''Coba lihat, mereka sudah terlihat takut sebelum bertanding,'' kata Ramang seperti ditirukan Harry Tjong, yang meninggalkan PSM tahun 1967.
  Melompati KepalaÂ
 Perjalanan panjang dan berliku dilalui pria ini untuk menjadi seorang pemain bola. Apalagi untuk menjadi pemain sebuah tim seraksasa PSM. Lebih-lebih lagi sebagai pemain tim nasional, PSSI. Perjalanan karier bola pria kelahiran Makassar 24 September 1939 ini benar-benar berliku.
Di jejeran penjaga gawang, Harry Tjong berada di peringkat ke-4 setelah Maulwi Saelan, Achmad, Pandero, kemudian Hendrik dan Sugito. Dia bendiri di bawah mistar gawang pada usia 20 tahun.
Pada masa itu, ada seleksi sekitar 40 orang pemain dengan 10 penjaga gawang. Tjong masih menempati posisi sebagai kiper tamu. Tanpa fasilitas apa-apa. Tidak ada sepatu dan kostum. Tidak dapat apa-apa pula.
Suatu hari, tiba-tiba dia mendapat panggilan ikut berlatih. Pelatih ketika itu adalah E.A.Mangindaan. Pada hari pertama, Tjong terlambat dating, hingga  diusir pulang. Tidak boleh mengikuti sesi latihan hari pertama itu. Padahal, panggilan yang dia terima terlambat tiba. Akhirnya, pemain lain lebih dahulu mengikuti pelatihan.
Pada hari kedua, Tjong muncul. Mangindaan memang selalu on time kalau melatih, Pelatihan itu adalah bagian dari seleksi untuk mencari pemain yang akan memperkuat kesebelasan nasional. Pemusatan latihan dilakukan di Gedung Olahraga Mattoanging.
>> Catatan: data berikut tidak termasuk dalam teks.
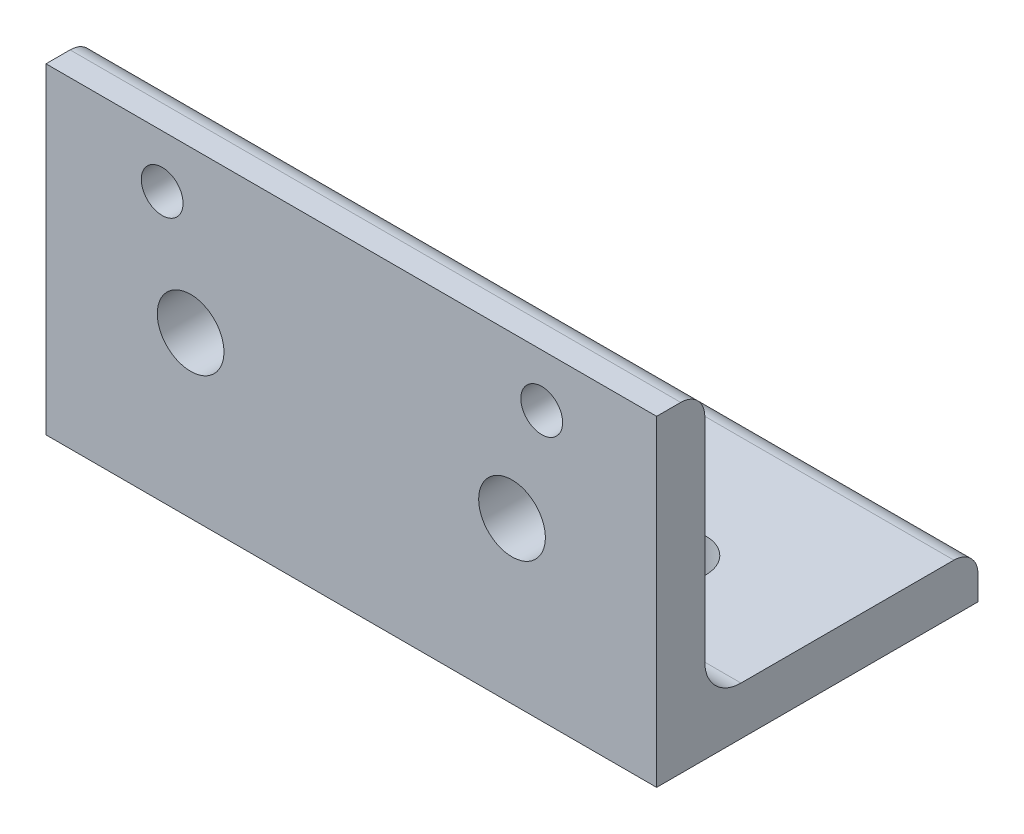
ISO-10303-21;
HEADER;
FILE_DESCRIPTION(('STEP AP214'),'2;1');
FILE_NAME('part.step','',(''),(''),'','','');
FILE_SCHEMA(('AUTOMOTIVE_DESIGN { 1 0 10303 214 1 1 1 1 }'));
ENDSEC;
DATA;
#1=APPLICATION_CONTEXT('core data for automotive mechanical design processes');
#2=APPLICATION_PROTOCOL_DEFINITION('international standard','automotive_design',2000,#1);
#3=PRODUCT_CONTEXT('',#1,'mechanical');
#4=PRODUCT('Part','Part','',(#3));
#5=PRODUCT_RELATED_PRODUCT_CATEGORY('part','',(#4));
#6=PRODUCT_DEFINITION_FORMATION('','',#4);
#7=PRODUCT_DEFINITION_CONTEXT('part definition',#1,'design');
#8=PRODUCT_DEFINITION('design','',#6,#7);
#9=PRODUCT_DEFINITION_SHAPE('','',#8);
#10=(LENGTH_UNIT() NAMED_UNIT(*) SI_UNIT(.MILLI.,.METRE.));
#11=(NAMED_UNIT(*) PLANE_ANGLE_UNIT() SI_UNIT($,.RADIAN.));
#12=(NAMED_UNIT(*) SI_UNIT($,.STERADIAN.) SOLID_ANGLE_UNIT());
#13=UNCERTAINTY_MEASURE_WITH_UNIT(LENGTH_MEASURE(1.E-05),#10,'distance_accuracy_value','');
#14=(GEOMETRIC_REPRESENTATION_CONTEXT(3) GLOBAL_UNCERTAINTY_ASSIGNED_CONTEXT((#13)) GLOBAL_UNIT_ASSIGNED_CONTEXT((#10,
#11,#12)) REPRESENTATION_CONTEXT('',''));
#15=CARTESIAN_POINT('',(0.,0.,0.));
#16=DIRECTION('',(0.,0.,1.));
#17=DIRECTION('',(1.,0.,0.));
#18=AXIS2_PLACEMENT_3D('',#15,#16,#17);
#19=CARTESIAN_POINT('',(0.,5.99999999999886,-5.99999999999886));
#20=DIRECTION('',(0.,-1.,0.));
#21=DIRECTION('',(0.,0.,-1.));
#22=AXIS2_PLACEMENT_3D('',#19,#20,#21);
#23=PLANE('',#22);
#24=CARTESIAN_POINT('',(17.9999999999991,5.99999999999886,-19.9999999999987));
#25=DIRECTION('',(0.,1.,0.));
#26=DIRECTION('',(0.,0.,1.));
#27=AXIS2_PLACEMENT_3D('',#24,#25,#26);
#28=CIRCLE('',#27,4.15000000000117);
#29=CARTESIAN_POINT('',(17.9999999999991,5.99999999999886,-15.8499999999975));
#30=VERTEX_POINT('',#29);
#31=EDGE_CURVE('E210',#30,#30,#28,.T.);
#32=ORIENTED_EDGE('',*,*,#31,.F.);
#33=EDGE_LOOP('',(#32));
#34=FACE_BOUND('',#33,.T.);
#35=DIRECTION('',(0.,0.,-1.));
#36=VECTOR('',#35,1.);
#37=CARTESIAN_POINT('',(76.0000000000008,5.99999999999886,-5.99999999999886));
#38=LINE('',#37,#36);
#39=CARTESIAN_POINT('',(76.0000000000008,5.99999999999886,-10.4999999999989));
#40=VERTEX_POINT('',#39);
#41=CARTESIAN_POINT('',(76.0000000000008,5.99999999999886,-36.999999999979));
#42=VERTEX_POINT('',#41);
#43=EDGE_CURVE('E148',#40,#42,#38,.T.);
#44=ORIENTED_EDGE('',*,*,#43,.T.);
#45=DIRECTION('',(1.,0.,0.));
#46=VECTOR('',#45,1.);
#47=CARTESIAN_POINT('',(0.,5.99999999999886,-36.999999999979));
#48=LINE('',#47,#46);
#49=CARTESIAN_POINT('',(0.,5.99999999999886,-36.999999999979));
#50=VERTEX_POINT('',#49);
#51=EDGE_CURVE('E178',#42,#50,#48,.F.);
#52=ORIENTED_EDGE('',*,*,#51,.T.);
#53=DIRECTION('',(0.,0.,-1.));
#54=VECTOR('',#53,1.);
#55=CARTESIAN_POINT('',(0.,5.99999999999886,-5.99999999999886));
#56=LINE('',#55,#54);
#57=CARTESIAN_POINT('',(0.,5.99999999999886,-10.4999999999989));
#58=VERTEX_POINT('',#57);
#59=EDGE_CURVE('E154',#58,#50,#56,.T.);
#60=ORIENTED_EDGE('',*,*,#59,.F.);
#61=DIRECTION('',(1.,0.,0.));
#62=VECTOR('',#61,1.);
#63=CARTESIAN_POINT('',(76.0000000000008,5.99999999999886,-10.4999999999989));
#64=LINE('',#63,#62);
#65=EDGE_CURVE('E159',#58,#40,#64,.T.);
#66=ORIENTED_EDGE('',*,*,#65,.T.);
#67=EDGE_LOOP('',(#44,#52,#60,#66));
#68=FACE_BOUND('',#67,.T.);
#69=CARTESIAN_POINT('',(57.9999999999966,5.99999999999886,-19.9999999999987));
#70=DIRECTION('',(0.,1.,0.));
#71=DIRECTION('',(0.,0.,1.));
#72=AXIS2_PLACEMENT_3D('',#69,#70,#71);
#73=CIRCLE('',#72,4.15000000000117);
#74=CARTESIAN_POINT('',(57.9999999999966,5.99999999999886,-15.8499999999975));
#75=VERTEX_POINT('',#74);
#76=EDGE_CURVE('E216',#75,#75,#73,.T.);
#77=ORIENTED_EDGE('',*,*,#76,.F.);
#78=EDGE_LOOP('',(#77));
#79=FACE_BOUND('',#78,.T.);
#80=ADVANCED_FACE('F45',(#34,#68,#79),#23,.F.);
#81=CARTESIAN_POINT('',(0.,0.,-39.9999999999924));
#82=DIRECTION('',(0.,-1.,0.));
#83=DIRECTION('',(0.,0.,-1.));
#84=AXIS2_PLACEMENT_3D('',#81,#82,#83);
#85=PLANE('',#84);
#86=CARTESIAN_POINT('',(17.9999999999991,0.,-19.9999999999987));
#87=DIRECTION('',(0.,1.,0.));
#88=DIRECTION('',(0.,0.,1.));
#89=AXIS2_PLACEMENT_3D('',#86,#87,#88);
#90=CIRCLE('',#89,4.15000000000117);
#91=CARTESIAN_POINT('',(17.9999999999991,0.,-15.8499999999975));
#92=VERTEX_POINT('',#91);
#93=EDGE_CURVE('E213',#92,#92,#90,.T.);
#94=ORIENTED_EDGE('',*,*,#93,.T.);
#95=EDGE_LOOP('',(#94));
#96=FACE_BOUND('',#95,.T.);
#97=CARTESIAN_POINT('',(57.9999999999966,0.,-19.9999999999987));
#98=DIRECTION('',(0.,1.,0.));
#99=DIRECTION('',(0.,0.,1.));
#100=AXIS2_PLACEMENT_3D('',#97,#98,#99);
#101=CIRCLE('',#100,4.15000000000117);
#102=CARTESIAN_POINT('',(57.9999999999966,0.,-15.8499999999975));
#103=VERTEX_POINT('',#102);
#104=EDGE_CURVE('E219',#103,#103,#101,.T.);
#105=ORIENTED_EDGE('',*,*,#104,.T.);
#106=EDGE_LOOP('',(#105));
#107=FACE_BOUND('',#106,.T.);
#108=DIRECTION('',(1.,0.,0.));
#109=VECTOR('',#108,1.);
#110=CARTESIAN_POINT('',(0.,0.,0.));
#111=LINE('',#110,#109);
#112=CARTESIAN_POINT('',(0.,0.,0.));
#113=VERTEX_POINT('',#112);
#114=CARTESIAN_POINT('',(76.0000000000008,0.,0.));
#115=VERTEX_POINT('',#114);
#116=EDGE_CURVE('E152',#113,#115,#111,.T.);
#117=ORIENTED_EDGE('',*,*,#116,.F.);
#118=DIRECTION('',(0.,0.,1.));
#119=VECTOR('',#118,1.);
#120=CARTESIAN_POINT('',(0.,0.,-39.9999999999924));
#121=LINE('',#120,#119);
#122=CARTESIAN_POINT('',(0.,0.,-39.9999999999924));
#123=VERTEX_POINT('',#122);
#124=EDGE_CURVE('E141',#123,#113,#121,.T.);
#125=ORIENTED_EDGE('',*,*,#124,.F.);
#126=DIRECTION('',(1.,0.,0.));
#127=VECTOR('',#126,1.);
#128=CARTESIAN_POINT('',(0.,0.,-39.9999999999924));
#129=LINE('',#128,#127);
#130=CARTESIAN_POINT('',(76.0000000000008,0.,-39.9999999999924));
#131=VERTEX_POINT('',#130);
#132=EDGE_CURVE('E135',#123,#131,#129,.T.);
#133=ORIENTED_EDGE('',*,*,#132,.T.);
#134=DIRECTION('',(0.,0.,1.));
#135=VECTOR('',#134,1.);
#136=CARTESIAN_POINT('',(76.0000000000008,0.,-39.9999999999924));
#137=LINE('',#136,#135);
#138=EDGE_CURVE('E117',#131,#115,#137,.T.);
#139=ORIENTED_EDGE('',*,*,#138,.T.);
#140=EDGE_LOOP('',(#117,#125,#133,#139));
#141=FACE_BOUND('',#140,.T.);
#142=ADVANCED_FACE('F140',(#96,#107,#141),#85,.T.);
#143=CARTESIAN_POINT('',(0.,39.9999999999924,-39.9999999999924));
#144=DIRECTION('',(-1.,0.,0.));
#145=DIRECTION('',(0.,0.,1.));
#146=AXIS2_PLACEMENT_3D('',#143,#144,#145);
#147=PLANE('',#146);
#148=ORIENTED_EDGE('',*,*,#59,.T.);
#149=CARTESIAN_POINT('',(0.,2.99999999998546,-36.999999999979));
#150=DIRECTION('',(-1.,0.,0.));
#151=DIRECTION('',(0.,0.,1.));
#152=AXIS2_PLACEMENT_3D('',#149,#150,#151);
#153=CIRCLE('',#152,3.0000000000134);
#154=CARTESIAN_POINT('',(0.,2.99999999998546,-39.9999999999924));
#155=VERTEX_POINT('',#154);
#156=EDGE_CURVE('E181',#50,#155,#153,.T.);
#157=ORIENTED_EDGE('',*,*,#156,.T.);
#158=DIRECTION('',(0.,-1.,0.));
#159=VECTOR('',#158,1.);
#160=CARTESIAN_POINT('',(0.,39.9999999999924,-39.9999999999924));
#161=LINE('',#160,#159);
#162=EDGE_CURVE('E128',#155,#123,#161,.T.);
#163=ORIENTED_EDGE('',*,*,#162,.T.);
#164=ORIENTED_EDGE('',*,*,#124,.T.);
#165=DIRECTION('',(0.,-1.,0.));
#166=VECTOR('',#165,1.);
#167=CARTESIAN_POINT('',(0.,39.9999999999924,0.));
#168=LINE('',#167,#166);
#169=CARTESIAN_POINT('',(0.,39.9999999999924,0.));
#170=VERTEX_POINT('',#169);
#171=EDGE_CURVE('E142',#170,#113,#168,.T.);
#172=ORIENTED_EDGE('',*,*,#171,.F.);
#173=DIRECTION('',(0.,0.,1.));
#174=VECTOR('',#173,1.);
#175=CARTESIAN_POINT('',(0.,39.9999999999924,-39.9999999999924));
#176=LINE('',#175,#174);
#177=CARTESIAN_POINT('',(0.,39.9999999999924,-2.99999999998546));
#178=VERTEX_POINT('',#177);
#179=EDGE_CURVE('E160',#178,#170,#176,.T.);
#180=ORIENTED_EDGE('',*,*,#179,.F.);
#181=CARTESIAN_POINT('',(0.,36.999999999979,-2.99999999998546));
#182=DIRECTION('',(-1.,0.,0.));
#183=DIRECTION('',(0.,0.,1.));
#184=AXIS2_PLACEMENT_3D('',#181,#182,#183);
#185=CIRCLE('',#184,3.0000000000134);
#186=CARTESIAN_POINT('',(0.,36.999999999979,-5.99999999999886));
#187=VERTEX_POINT('',#186);
#188=EDGE_CURVE('E67',#178,#187,#185,.T.);
#189=ORIENTED_EDGE('',*,*,#188,.T.);
#190=DIRECTION('',(0.,-1.,0.));
#191=VECTOR('',#190,1.);
#192=CARTESIAN_POINT('',(0.,39.9999999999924,-5.99999999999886));
#193=LINE('',#192,#191);
#194=CARTESIAN_POINT('',(0.,10.4999999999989,-5.99999999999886));
#195=VERTEX_POINT('',#194);
#196=EDGE_CURVE('E223',#187,#195,#193,.T.);
#197=ORIENTED_EDGE('',*,*,#196,.T.);
#198=CARTESIAN_POINT('',(0.,10.4999999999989,-10.4999999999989));
#199=DIRECTION('',(-1.,0.,0.));
#200=DIRECTION('',(0.,0.,1.));
#201=AXIS2_PLACEMENT_3D('',#198,#199,#200);
#202=CIRCLE('',#201,4.5);
#203=EDGE_CURVE('E171',#195,#58,#202,.F.);
#204=ORIENTED_EDGE('',*,*,#203,.T.);
#205=EDGE_LOOP('',(#148,#157,#163,#164,#172,#180,#189,#197,#204));
#206=FACE_BOUND('',#205,.T.);
#207=ADVANCED_FACE('F238',(#206),#147,.T.);
#208=CARTESIAN_POINT('',(76.0000000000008,39.9999999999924,-39.9999999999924));
#209=DIRECTION('',(0.,1.,0.));
#210=DIRECTION('',(0.,0.,1.));
#211=AXIS2_PLACEMENT_3D('',#208,#209,#210);
#212=PLANE('',#211);
#213=DIRECTION('',(0.,0.,1.));
#214=VECTOR('',#213,1.);
#215=CARTESIAN_POINT('',(76.0000000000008,39.9999999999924,-39.9999999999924));
#216=LINE('',#215,#214);
#217=CARTESIAN_POINT('',(76.0000000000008,39.9999999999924,-2.99999999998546));
#218=VERTEX_POINT('',#217);
#219=CARTESIAN_POINT('',(76.0000000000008,39.9999999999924,0.));
#220=VERTEX_POINT('',#219);
#221=EDGE_CURVE('E127',#218,#220,#216,.T.);
#222=ORIENTED_EDGE('',*,*,#221,.F.);
#223=DIRECTION('',(1.,0.,0.));
#224=VECTOR('',#223,1.);
#225=CARTESIAN_POINT('',(0.,39.9999999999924,-2.99999999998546));
#226=LINE('',#225,#224);
#227=EDGE_CURVE('E11',#218,#178,#226,.F.);
#228=ORIENTED_EDGE('',*,*,#227,.T.);
#229=ORIENTED_EDGE('',*,*,#179,.T.);
#230=DIRECTION('',(-1.,0.,0.));
#231=VECTOR('',#230,1.);
#232=CARTESIAN_POINT('',(76.0000000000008,39.9999999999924,0.));
#233=LINE('',#232,#231);
#234=EDGE_CURVE('E145',#220,#170,#233,.T.);
#235=ORIENTED_EDGE('',*,*,#234,.F.);
#236=EDGE_LOOP('',(#222,#228,#229,#235));
#237=FACE_BOUND('',#236,.T.);
#238=ADVANCED_FACE('F246',(#237),#212,.T.);
#239=CARTESIAN_POINT('',(76.0000000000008,0.,-39.9999999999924));
#240=DIRECTION('',(1.,0.,0.));
#241=DIRECTION('',(0.,0.,-1.));
#242=AXIS2_PLACEMENT_3D('',#239,#240,#241);
#243=PLANE('',#242);
#244=DIRECTION('',(0.,1.,0.));
#245=VECTOR('',#244,1.);
#246=CARTESIAN_POINT('',(76.0000000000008,0.,-39.9999999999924));
#247=LINE('',#246,#245);
#248=CARTESIAN_POINT('',(76.0000000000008,2.99999999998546,-39.9999999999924));
#249=VERTEX_POINT('',#248);
#250=EDGE_CURVE('E120',#131,#249,#247,.T.);
#251=ORIENTED_EDGE('',*,*,#250,.T.);
#252=CARTESIAN_POINT('',(76.0000000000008,2.99999999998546,-36.999999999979));
#253=DIRECTION('',(1.,0.,0.));
#254=DIRECTION('',(0.,0.,-1.));
#255=AXIS2_PLACEMENT_3D('',#252,#253,#254);
#256=CIRCLE('',#255,3.0000000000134);
#257=EDGE_CURVE('E176',#249,#42,#256,.T.);
#258=ORIENTED_EDGE('',*,*,#257,.T.);
#259=ORIENTED_EDGE('',*,*,#43,.F.);
#260=CARTESIAN_POINT('',(76.0000000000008,10.4999999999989,-10.4999999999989));
#261=DIRECTION('',(1.,0.,0.));
#262=DIRECTION('',(0.,0.,-1.));
#263=AXIS2_PLACEMENT_3D('',#260,#261,#262);
#264=CIRCLE('',#263,4.5);
#265=CARTESIAN_POINT('',(76.0000000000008,10.4999999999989,-5.99999999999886));
#266=VERTEX_POINT('',#265);
#267=EDGE_CURVE('E168',#40,#266,#264,.F.);
#268=ORIENTED_EDGE('',*,*,#267,.T.);
#269=DIRECTION('',(0.,-1.,0.));
#270=VECTOR('',#269,1.);
#271=CARTESIAN_POINT('',(76.0000000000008,39.9999999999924,-5.99999999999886));
#272=LINE('',#271,#270);
#273=CARTESIAN_POINT('',(76.0000000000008,36.999999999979,-5.99999999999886));
#274=VERTEX_POINT('',#273);
#275=EDGE_CURVE('E222',#274,#266,#272,.T.);
#276=ORIENTED_EDGE('',*,*,#275,.F.);
#277=CARTESIAN_POINT('',(76.0000000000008,36.999999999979,-2.99999999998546));
#278=DIRECTION('',(1.,0.,0.));
#279=DIRECTION('',(0.,0.,-1.));
#280=AXIS2_PLACEMENT_3D('',#277,#278,#279);
#281=CIRCLE('',#280,3.0000000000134);
#282=EDGE_CURVE('E174',#274,#218,#281,.T.);
#283=ORIENTED_EDGE('',*,*,#282,.T.);
#284=ORIENTED_EDGE('',*,*,#221,.T.);
#285=DIRECTION('',(0.,1.,0.));
#286=VECTOR('',#285,1.);
#287=CARTESIAN_POINT('',(76.0000000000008,0.,0.));
#288=LINE('',#287,#286);
#289=EDGE_CURVE('E122',#115,#220,#288,.T.);
#290=ORIENTED_EDGE('',*,*,#289,.F.);
#291=ORIENTED_EDGE('',*,*,#138,.F.);
#292=EDGE_LOOP('',(#251,#258,#259,#268,#276,#283,#284,#290,#291));
#293=FACE_BOUND('',#292,.T.);
#294=ADVANCED_FACE('F119',(#293),#243,.T.);
#295=CARTESIAN_POINT('',(0.,0.,-39.9999999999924));
#296=DIRECTION('',(0.,0.,1.));
#297=DIRECTION('',(1.,0.,0.));
#298=AXIS2_PLACEMENT_3D('',#295,#296,#297);
#299=PLANE('',#298);
#300=ORIENTED_EDGE('',*,*,#162,.F.);
#301=DIRECTION('',(1.,0.,0.));
#302=VECTOR('',#301,1.);
#303=CARTESIAN_POINT('',(0.,2.99999999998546,-39.9999999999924));
#304=LINE('',#303,#302);
#305=EDGE_CURVE('E137',#155,#249,#304,.T.);
#306=ORIENTED_EDGE('',*,*,#305,.T.);
#307=ORIENTED_EDGE('',*,*,#250,.F.);
#308=ORIENTED_EDGE('',*,*,#132,.F.);
#309=EDGE_LOOP('',(#300,#306,#307,#308));
#310=FACE_BOUND('',#309,.T.);
#311=ADVANCED_FACE('F134',(#310),#299,.F.);
#312=CARTESIAN_POINT('',(0.,0.,0.));
#313=DIRECTION('',(0.,0.,1.));
#314=DIRECTION('',(1.,0.,0.));
#315=AXIS2_PLACEMENT_3D('',#312,#313,#314);
#316=PLANE('',#315);
#317=CARTESIAN_POINT('',(14.4595506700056,33.4759999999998,0.));
#318=DIRECTION('',(0.,0.,1.));
#319=DIRECTION('',(1.,0.,0.));
#320=AXIS2_PLACEMENT_3D('',#317,#318,#319);
#321=CIRCLE('',#320,2.60000000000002);
#322=CARTESIAN_POINT('',(17.0595506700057,33.4759999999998,0.));
#323=VERTEX_POINT('',#322);
#324=EDGE_CURVE('E186',#323,#323,#321,.T.);
#325=ORIENTED_EDGE('',*,*,#324,.F.);
#326=EDGE_LOOP('',(#325));
#327=FACE_BOUND('',#326,.T.);
#328=CARTESIAN_POINT('',(61.6995506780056,33.4760000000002,0.));
#329=DIRECTION('',(0.,0.,1.));
#330=DIRECTION('',(1.,0.,0.));
#331=AXIS2_PLACEMENT_3D('',#328,#329,#330);
#332=CIRCLE('',#331,2.60000000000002);
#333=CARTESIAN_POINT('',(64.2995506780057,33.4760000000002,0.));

Harry Tjong mulai main bola sejak sekolah dasar. Pertama dia memasuki MOS di Makassar. Lalu pindah ke Mars dan ke PSAD saat dia hijrah ke Surabaya. Setelah hijrah ke Jakarta, Tjong yang menamatkan pendidikan di Sekolah Guru Olahraga Makassar ini langsung bergabung dengan klub Indonesia Muda Jakarta.
Namun ketika ditemui di kediamannya di Perumahan Duta Indah Jl.Cendana II Blok L 1 No.21 Pondok Gede, Bekasi, Jawa Barat, 27 November 2010, Tjong mengakui, ketika berumur 10 tahun sering membantu tentara yang asramanya berdekatan dengan kediamannya di Jl.Singa (di dekat SD sekarang ini). Bahkan dia sering naik truk ke Malino bersama tentara yang melaksanakan operasi. Tidur di jalanan pun sudah pernah dia rasakan. Apalagi, kalau hanya di atas truk tentara. Makanya, tidak heran, Tjong dianggap sebagai jago berantem. Jiwa patriotisme prajurit ikut mengalir di dalam dirinya. Dia senang jika mendengar suara tembakan.
Tatkala awal aktif bermain bola, Tjong tidak mendapat restu dari ibunya. Kalau bermain bola dia selundupkan dulu bajunya ke tempat lain, rumah tetangga. Biasa, dia masih berpakaian sekolah menuju lapangan. Di lapangan baru dia ganti pakaian.
Ibunya kemudian merestui, karena banyak tetangga yang memberikan pujian setelah melihat penampilan Tjong di bawah mistar. Ibunya merestui setelah Tjong bermain baik.